# HousePrice -My Solution

#### I stuck to pre-processing such as missing value completion, outlier removal, and logarithmic transformation. 

#### I used the yeo-johnson transformation, which resulted in an improved score. 

#### I used ElasticNet for the model and the final score was 0.13202.

In [None]:
import numpy as np
import pandas as pd 
import matplotlib.pyplot as plt
import seaborn as sns
plt.style.use('fivethirtyeight')

import warnings
warnings.filterwarnings('ignore')

import scipy 
from scipy.stats import norm

from sklearn import preprocessing
from sklearn.preprocessing import OrdinalEncoder
from sklearn.preprocessing import StandardScaler
from sklearn.preprocessing import PowerTransformer
from sklearn.model_selection import train_test_split
from sklearn.model_selection import GridSearchCV
from sklearn.linear_model import ElasticNet
from sklearn.ensemble import RandomForestClassifier
from sklearn.metrics import r2_score
from sklearn.metrics import mean_squared_error

import os
for dirname, _, filenames in os.walk('/kaggle/input'):
    for filename in filenames:
        print(os.path.join(dirname, filename))

# EDA

In [None]:
PATH = '/kaggle/input/house-prices-advanced-regression-techniques/'

train  = pd.read_csv(PATH + 'train.csv')
test   = pd.read_csv(PATH + 'test.csv')
sample = pd.read_csv(PATH + 'sample_submission.csv')

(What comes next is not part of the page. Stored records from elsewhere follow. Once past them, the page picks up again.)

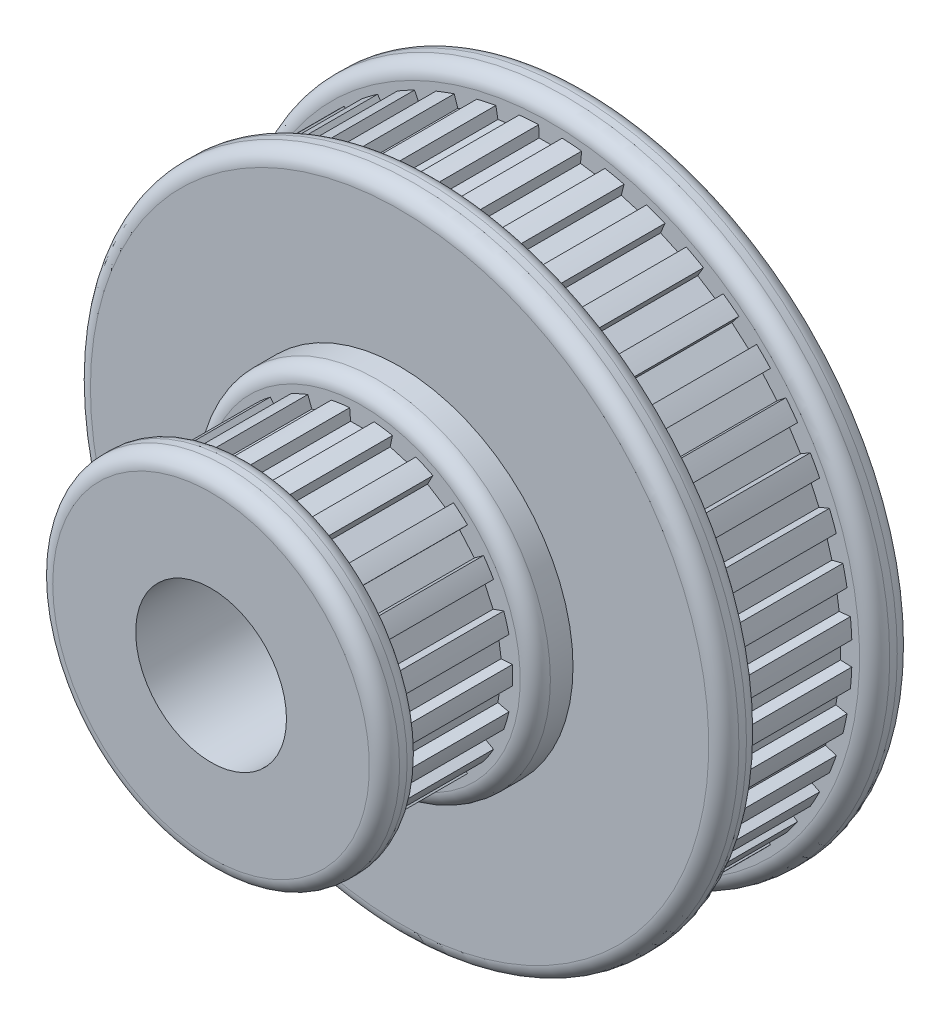
from build123d import *

# Parameters (mm, degrees)
CUT_EXTRUDE1_START = 15
CUT_EXTRUDE1_DEPTH = 15
CIRPATTERN1_COUNT  = 22
CUT_EXTRUDE2_START = 15
CUT_EXTRUDE2_DEPTH = 15
CIRPATTERN2_COUNT  = 44
FILLET1_R          = 2


with BuildPart() as part:
    # Sketch1 → Revolve1 (revolve)
    with BuildSketch(Plane(origin=(0, 0, 0), x_dir=(0, 0, -1), z_dir=(1, 0, 0)), mode=Mode.PRIVATE) as revolve1_sk:
        Polygon((0, 10), (50, 10), (50, 43), (45, 43), (45, 40), (30, 40), (30, 43), (25, 43), (25, 23), (20, 23), (20, 20), (5, 20), (5, 23), (0, 23), align=None)
    revolve(revolve1_sk.sketch.rotate(Axis((0, 0, 0), (0, 0, -1)), 90), axis=Axis((0, 0, 0), (0, 0, -1)))

    # Sketch2 → Cut-Extrude1 (cut)
    with BuildSketch(Plane.XY.offset(-20).offset(CUT_EXTRUDE1_START)):
        with BuildLine():
            Line((-1.5, 18.439088915), (1.5, 18.439088915))
            Line((1.5, 18.439088915), (1.621621622, 19.934150178))
            ThreePointArc((1.621621622, 19.934150178), (0, 20), (-1.621621622, 19.934150178))
            Line((-1.621621622, 19.934150178), (-1.5, 18.439088915))
        make_face()
    cut_extrude1 = extrude(amount=-CUT_EXTRUDE1_DEPTH, mode=Mode.SUBTRACT)

    # CirPattern1: Cut-Extrude1 ×22 about axis
    cirpattern1_axis = Axis((0, 0, 0), (0, 0, 1))
    for i in range(1, CIRPATTERN1_COUNT):
        add(cut_extrude1.rotate(cirpattern1_axis, i * 360 / CIRPATTERN1_COUNT), mode=Mode.SUBTRACT)

    # Sketch3 → Cut-Extrude2 (cut)
    with BuildSketch(Plane.XY.offset(-45).offset(CUT_EXTRUDE2_START)):
        with BuildLine():
            Line((-1.5, 38.470768123), (1.5, 38.470768123))
            Line((1.5, 38.470768123), (1.558441558, 39.969629219))
            ThreePointArc((1.558441558, 39.969629219), (0, 40), (-1.558441558, 39.969629219))
            Line((-1.558441558, 39.969629219), (-1.5, 38.470768123))
        make_face()
    cut_extrude2 = extrude(amount=-CUT_EXTRUDE2_DEPTH, mode=Mode.SUBTRACT)

    # CirPattern2: Cut-Extrude2 ×44 about axis
    cirpattern2_axis = Axis((0, 0, 0), (0, 0, 1))
    for i in range(1, CIRPATTERN2_COUNT):
        add(cut_extrude2.rotate(cirpattern2_axis, i * 360 / CIRPATTERN2_COUNT), mode=Mode.SUBTRACT)

    # Sketch4 → Cut-Revolve1 (revolve, cut)
    with BuildSketch(Plane(origin=(0, 0, 0), x_dir=(0, 0, -1), z_dir=(1, 0, 0)), mode=Mode.PRIVATE) as cut_revolve1_sk:
        Polygon((50, 35.5), (40, 29.726497308), (40, 26.773502692), (50, 21), align=None)
    revolve(cut_revolve1_sk.sketch.rotate(Axis((0, 0, 0), (0, 0, -1)), 90), axis=Axis((0, 0, 0), (0, 0, -1)), mode=Mode.SUBTRACT)

    # Fillet1
    fillet1_edges = [part.edges().sort_by_distance(p)[0] for p in [
        (-23, 0, 0),
        (-23, 0, -5),
        (-23, 0, -20),
        (-43, 0, -25),
        (-43, 0, -30),
        (-43, 0, -45),
        (-43, 0, -50),
        (-21, 0, -50),
        (-35.5, 0, -50),
        (-29.726497308, 0, -40),
        (-26.773502692, 0, -40),
    ]]
    fillet(fillet1_edges, radius=FILLET1_R)


solid = part.part

#### In regression, the objective variable needs to follow a normal distribution, which was achieved by applying a log transformation to "SalePrice".

In [None]:
train['SalePrice'] = np.log1p(train['SalePrice'])

In [None]:
plt.figure(figsize=(10,4))
sns.distplot(train['SalePrice'],fit=norm,fit_kws={'color':'tomato','label':'norm'})
plt.ylabel('')
plt.legend()
plt.show()

#### Some of the missing values make sense; I read the description and completed them one by one.

In [None]:
train['LotFrontage']   =  train['LotFrontage'].fillna(0.0)
train['Alley']         =  train['Alley'].fillna('NaN')
train['BsmtQual']      =  train['BsmtQual'].fillna('NaN')
train['BsmtCond']      =  train['BsmtCond'].fillna('NaN')
train['BsmtExposure']  =  train['BsmtExposure'].fillna('NaN')
train['BsmtFinType1']  =  train['BsmtFinType1'].fillna('NaN')
train['BsmtFinType2']  =  train['BsmtFinType2'].fillna('NaN')
train['FireplaceQu']   =  train['FireplaceQu'].fillna('NaN')
train['GarageType']    =  train['GarageType'].fillna('NaN')
train['GarageYrBlt']   =  train['GarageYrBlt'].fillna(0)
train['GarageFinish']  =  train['GarageFinish'].fillna('NaN')
train['GarageQual']    =  train['GarageQual'].fillna('NaN')
train['GarageCond']    =  train['GarageCond'].fillna('NaN')
train['PoolQC']        =  train['PoolQC'].fillna('NaN')
train['Fence']         =  train['Fence'].fillna('NaN')
train['MiscFeature']   =  train['MiscFeature'].fillna('NaN')
train['MasVnrArea']    =  train['MasVnrArea'].fillna(0.0)

In [None]:
test['LotFrontage']    =  test['LotFrontage'].fillna(0.0)
test['Alley']          =  test['Alley'].fillna('NaN')
test['BsmtQual']       =  test['BsmtQual'].fillna('NaN')
test['BsmtCond']       =  test['BsmtCond'].fillna('NaN')
test['BsmtExposure']   =  test['BsmtExposure'].fillna('NaN')
test['BsmtFinType1']   =  test['BsmtFinType1'].fillna('NaN')
test['BsmtFinType2']   =  test['BsmtFinType2'].fillna('NaN')
test['FireplaceQu']    =  test['FireplaceQu'].fillna('NaN')
test['GarageType']     =  test['GarageType'].fillna('NaN')
test['GarageYrBlt']    =  test['GarageYrBlt'].fillna(0)
test['GarageFinish']   =  test['GarageFinish'].fillna('NaN')
test['GarageQual']     =  test['GarageQual'].fillna('NaN')
test['GarageCond']     =  test['GarageCond'].fillna('NaN')
test['PoolQC']         =  test['PoolQC'].fillna('NaN')
test['Fence']          =  test['Fence'].fillna('NaN')
test['MiscFeature']    =  test['MiscFeature'].fillna('NaN')
test['MasVnrArea']     =  test['MasVnrArea'].fillna(0.0)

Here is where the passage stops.